Tasiast Mauritanie: la présence de Vanguard dans son capital va-t-elle éclaboussé son image?

Alors que le prix de l’or atteint des sommets inédits, la filiale mauritanienne Tasiast, détenue par le groupe canadien Kinross Gold, se retrouve au cœur d’une polémique liée à l’un de ses actionnaires: la société américaine Vanguard. Cette dernière a été récemment pointée du doigt par le Comité des droits de l’homme de l’ONU pour son implication présumée dans la livraison d’armes à Israel dans son génocide à Gaza.

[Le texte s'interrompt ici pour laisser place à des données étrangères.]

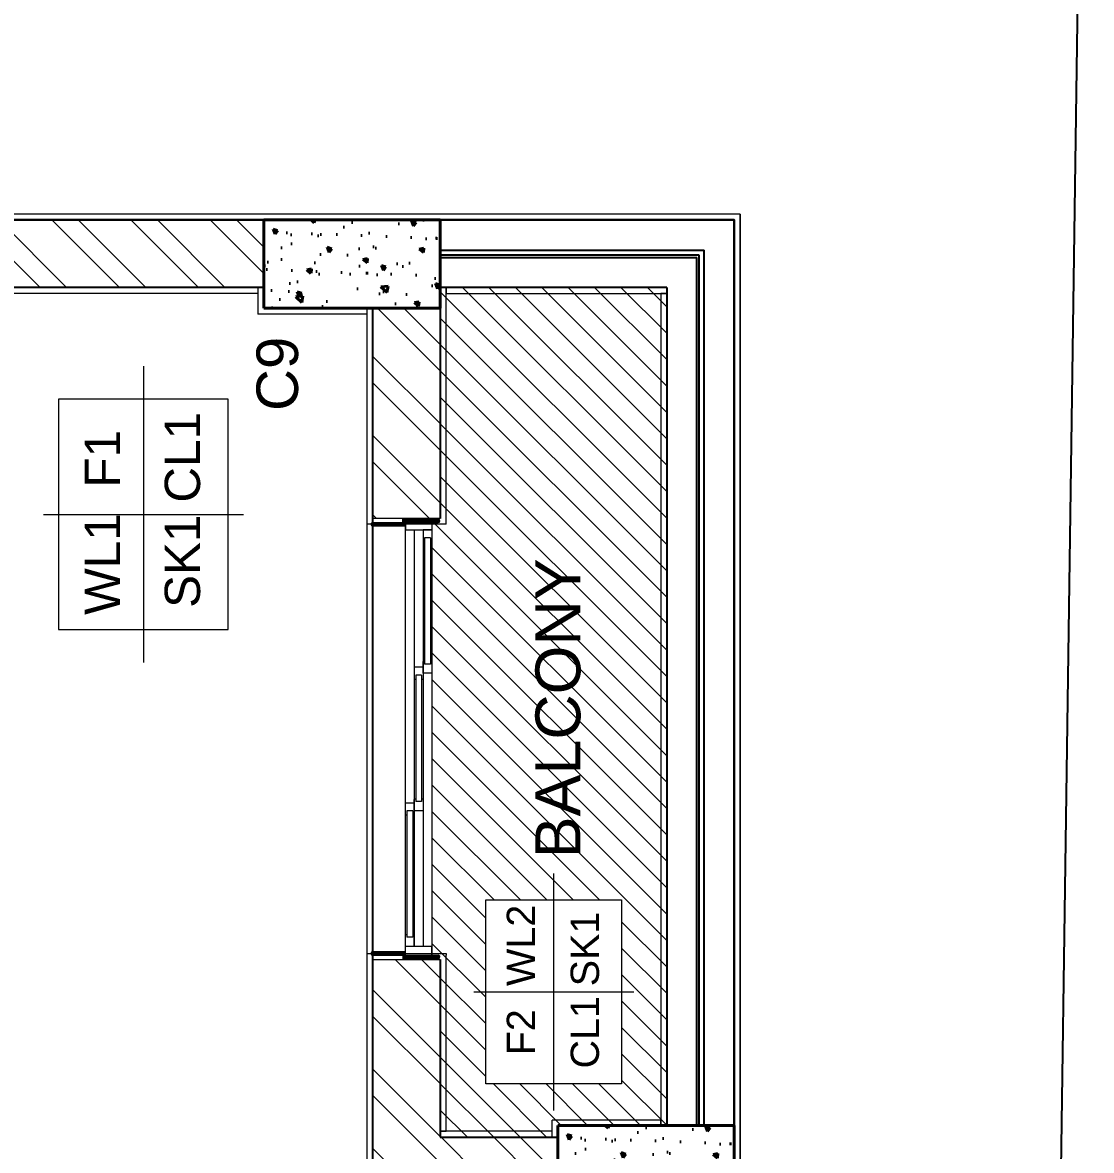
# Model space of a CAD drawing. Header units: metres. Extents: x 15463 to 32022, y 1223 to 33962.
# Drawn here: x 29503.188 to 29506.824, y 4122.25 to 4126.087 of the extents above; entities that cross this region are included whole.
import ezdxf

# ---------------------------------------------------------------- set-up
doc = ezdxf.new("R2010")
doc.units = ezdxf.units.M
doc.header["$LTSCALE"] = 0.1
doc.linetypes.add('DASHDOTX2', pattern=[50.8, 25.4, -12.7, 0, -12.7])
for name, color, linetype, lineweight in [('CENTERLINE', 251, 'DASHDOTX2', 15), ('COLUMN', 7, 'Continuous', 40), ('DOOR', 7, 'Continuous', 20), ('HATCH', 250, 'Continuous', 13), ('LEVEL', 251, 'Continuous', 13), ('NAMES', 252, 'Continuous', 15), ('PLASTER', 252, 'Continuous', 15)]:
    doc.layers.add(name, color=color, linetype=linetype, lineweight=lineweight)
doc.styles.get("Standard").update_dxf_attribs({"font": 'arial.ttf'})

msp = doc.modelspace()

# ---------------------------------------------------------------- hatches: boundary and pattern name
at = {"layer": 'COLUMN'}
h = msp.add_hatch(dxfattribs=at)
h.set_pattern_fill('AR-CONC', color=256, scale=0.001, angle=90)
h.set_pattern_definition([(140, (29522.85359, 4053.03932), (0.0159391, 0.18218467), [0.01905, -0.20955]), (85, (29522.85359, 4053.03932), (-0.19105685, -0.0352434), [0.01524, -0.1676406]), (190.45144, (29522.85492, 4053.0545), (-0.17511775, 0.14694125), [0.01619, -0.17809024]), (136.1842, (29522.80279, 4053.03932), (0.0420423, 0.27107904), [0.028575, -0.314325]), (186.63556, (29522.8063, 4053.0619), (-0.2474261, 0.2374041), [0.024285, -0.2671356]), (81.18415, (29522.8028, 4053.03932), (-0.2474261, 0.2374041), [0.02286, -0.2514597]), (111, (29522.81549, 4053.06472), (0.1022652, 0.1516144), [0.01905, -0.20955]), (56, (29522.81549, 4053.06472), (-0.18418797, 0.06180203), [0.01524, -0.16764]), (161.45145, (29522.82401, 4053.07735), (-0.08192277, 0.2134164), [0.01619, -0.17808994]), (127.5, (29522.85359, 4053.03932), (-0.08455504, 0.003088603), [0, -0.165608, 0, -0.17018, 0, -0.168275]), (97.5, (29522.85359, 4053.03932), (-0.10018057, 0.06681966), [0, -0.097028, 0, -0.161798, 0, -0.064135]), (57.5, (29522.85359, 4052.98268), (0.005728744, 0.135590595), [0, -0.0635, 0, -0.19812, 0, -0.26289]), (47.5, (29522.85359, 4052.95728), (-0.0254265, 0.14812918), [0, -0.08255, 0, -0.131572, 0, -0.18669])])
h.paths.add_polyline_path([(29504.0092, 4125.4155), (29504.0092, 4125.1155), (29504.6092, 4125.1155), (29504.6092, 4125.4155)])
h = msp.add_hatch(dxfattribs=at)
h.set_pattern_fill('AR-CONC', color=256, scale=0.001, angle=90)
h.set_pattern_definition([(140, (29523.85359, 4049.9595), (0.0159391, 0.18218467), [0.01905, -0.20955]), (85, (29523.85359, 4049.9595), (-0.19105685, -0.0352434), [0.01524, -0.1676406]), (190.45144, (29523.85492, 4049.97468), (-0.17511775, 0.14694125), [0.01619, -0.17809024]), (136.1842, (29523.80279, 4049.9595), (0.0420423, 0.27107904), [0.028575, -0.314325]), (186.63556, (29523.8063, 4049.9821), (-0.2474261, 0.2374041), [0.024285, -0.2671356]), (81.18415, (29523.8028, 4049.9595), (-0.2474261, 0.2374041), [0.02286, -0.2514597]), (111, (29523.81549, 4049.9849), (0.1022652, 0.1516144), [0.01905, -0.20955]), (56, (29523.81549, 4049.9849), (-0.18418797, 0.06180203), [0.01524, -0.16764]), (161.45145, (29523.82401, 4049.99753), (-0.08192277, 0.2134164), [0.01619, -0.17808994]), (127.5, (29523.85359, 4049.9595), (-0.08455504, 0.003088603), [0, -0.165608, 0, -0.17018, 0, -0.168275]), (97.5, (29523.85359, 4049.9595), (-0.10018057, 0.06681966), [0, -0.097028, 0, -0.161798, 0, -0.064135]), (57.5, (29523.85359, 4049.90286), (0.005728744, 0.135590595), [0, -0.0635, 0, -0.19812, 0, -0.26289]), (47.5, (29523.85359, 4049.87746), (-0.0254265, 0.14812918), [0, -0.08255, 0, -0.131572, 0, -0.18669])])
h.paths.add_polyline_path([(29505.0092, 4122.3356), (29505.0092, 4122.0356), (29505.6092, 4122.0356), (29505.6092, 4122.3356)])
at = {"layer": 'DOOR'}
h = msp.add_hatch(dxfattribs=at)
h.set_pattern_fill('ANSI31', color=256, scale=0.001, angle=90)
h.set_pattern_definition([(135, (29583.855609, 3940.4172617), (-0.00224506403, -0.00224506403), [])])
h.paths.add_polyline_path([(29504.6021, 4124.3863, 1), (29504.6021, 4124.3983), (29504.4816, 4124.3983), (29504.4816, 4124.3863)])
h.paths.add_polyline_path([(29504.4908, 4124.3743), (29504.4908, 4124.3863), (29504.3794, 4124.3863, 1), (29504.3794, 4124.3743)])
h.paths.add_polyline_path([(29504.6021, 4122.9026, 1), (29504.6021, 4122.9146), (29504.4816, 4122.9146), (29504.4816, 4122.9026)])
h.paths.add_polyline_path([(29504.4908, 4122.9146), (29504.4908, 4122.9266), (29504.3794, 4122.9266, 1), (29504.3794, 4122.9146)])
at = {"layer": 'HATCH'}
h = msp.add_hatch(dxfattribs=at)
h.set_pattern_fill('ANSI32', color=256, scale=0.02, angle=90)
h.set_pattern_definition([(135, (29569.4144, 3572.19952), (-0.13470384, -0.13470384), []), (135, (29569.4144, 3572.28933), (-0.13470384, -0.13470384), [])])
h.paths.add_polyline_path([(29499.8292, 4125.1155), (29499.8292, 4119.0207), (29500.0592, 4119.0207), (29500.0592, 4119.422), (29500.0595, 4121.1856), (29500.3592, 4121.1856), (29500.3592, 4121.4156), (29500.0592, 4121.4156), (29500.0592, 4121.4156), (29500.0592, 4122.7556), (29500.3592, 4122.7556), (29500.3592, 4122.9856), (29500.0592, 4122.9856), (29500.0592, 4125.1155)])
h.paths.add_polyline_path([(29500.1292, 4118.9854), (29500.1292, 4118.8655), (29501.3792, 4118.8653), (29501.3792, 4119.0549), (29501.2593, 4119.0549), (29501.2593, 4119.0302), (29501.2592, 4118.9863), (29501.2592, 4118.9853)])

En juin 2024, des experts des Nations Unies, dont le Groupe de travail sur les entreprises et les droits de l’homme, ont publié une déclaration (la déclaration des experts de l’ONU) appelant les investisseurs et les entreprises à s’assurer qu’ils ne sont pas directement ou indirectement impliqués dans les transferts d’armes vers Israël, ou à défaut, à assumer le risque d’être tenus responsables de violations des droits humains.
Détentrice de 3,8 % du capital de Tasiast, Vanguard est mentionnée dans le rapport des Nations Unies accusant certaines entreprises de fournir des armes à Israël, utilisées contre des civils palestiniens. Les experts de l’ONU ont appelé les fabricants d’armements et les investisseurs à mettre fin à tout transfert d’armes vers Israël, sous peine de responsabilité dans de potentielles violations des droits humains.
Une présence embarrassante pour Kinross et l’État mauritanien
Vanguard, interpellée officiellement en 2024, n’a pas répondu aux demandes d’explication concernant ses livraisons présumées à l’État hébreu (https://www.business-humanrights.org/en/latest-news/vanguard-did-not-respond–to-urgent-call-by-un-experts-to-cease-the-transfer-of-arms-to-israel). Elle s’est murée dans un silence coupable. Sa présence controversée dans le capital de Tasiast en Mauritanie met Kinross dans une position délicate; elle qui cherche à se présenter comme une entreprise socialement responsable, engagée auprès des communautés locales. Or, Tasiast représente une part importante de l’activité minière du pays. En 2023, selon l’Initiative pour la transparence dans les industries extractives (ITIE), elle a contribué à hauteur de 28,7 % aux 80 % de recettes d’exportation générées par le secteur minier mauritanien. De plus, la mine fournit 29 % de la production totale du groupe Kinross. Sa stabilité et sa réputation sont donc cruciales pour toutes les parties d’autant que la présence de Vanguard est également gênante pour l’État mauritanien, dans un contexte de solidarité populaire envers les victimes palestiniennes. La question palestinienne reste centrale pour l’ensemble des mauritaniens.
Outre Vanguard, d’autres sociétés de gestion d’actifs américaines sont présentes dans le capital de Tasiazt. Van Eck qui a aussi sa filiale israélienne est le principal actionnaire institutionnel avec 8,8 % des parts. Boston Partners Global Investors détient également une part équivalente à celle de Vanguard (3,8 %).
Vers une responsabilité juridique ?
La déclaration de juin 2024 du Groupe de travail des Nations Unies sur les entreprises et les droits de l’homme était sans ambiguïté : les entreprises et investisseurs doivent s’assurer de ne pas être directement ou indirectement impliqués dans des transferts d’armes à Israël. À défaut, ils s’exposent à des poursuites pour complicité dans des violations graves des droits humains.
Vanguard, aujourd’hui inscrite dans la liste des entreprises soupçonnées de participation au conflit à Gaza se retrouve donc sous le feu des projecteurs (https://fr.wikipedia.org/wiki/Liste_d%27entreprises_impliqu%C3%A9es_dans_la_guerre_de_Gaza). La question morale est donc inévitable : dans quelle mesure Vanguard, qui tire profit de ses investissements en Mauritanie, contribue-t-elle indirectement au conflit à Gaza et à ses conséquences humanitaires tragiques ? Comment réagira Tasiazt à cette accusation pour ne pas être éclaboussée par la présence dans son capital de Vanguard ? That’s the question.
Malgré une baisse prévue de sa production annuelle autour de 500 000 onces, Tasiast nourrit encore des ambitions en Mauritanie. Grâce à la flambée du prix de l’or, les pertes de volumes sont compensées en 2025. La société prévoit même une remontée de la production à plus de 600 000 onces d’ici 2028 et y a consenti d’énormes investissements.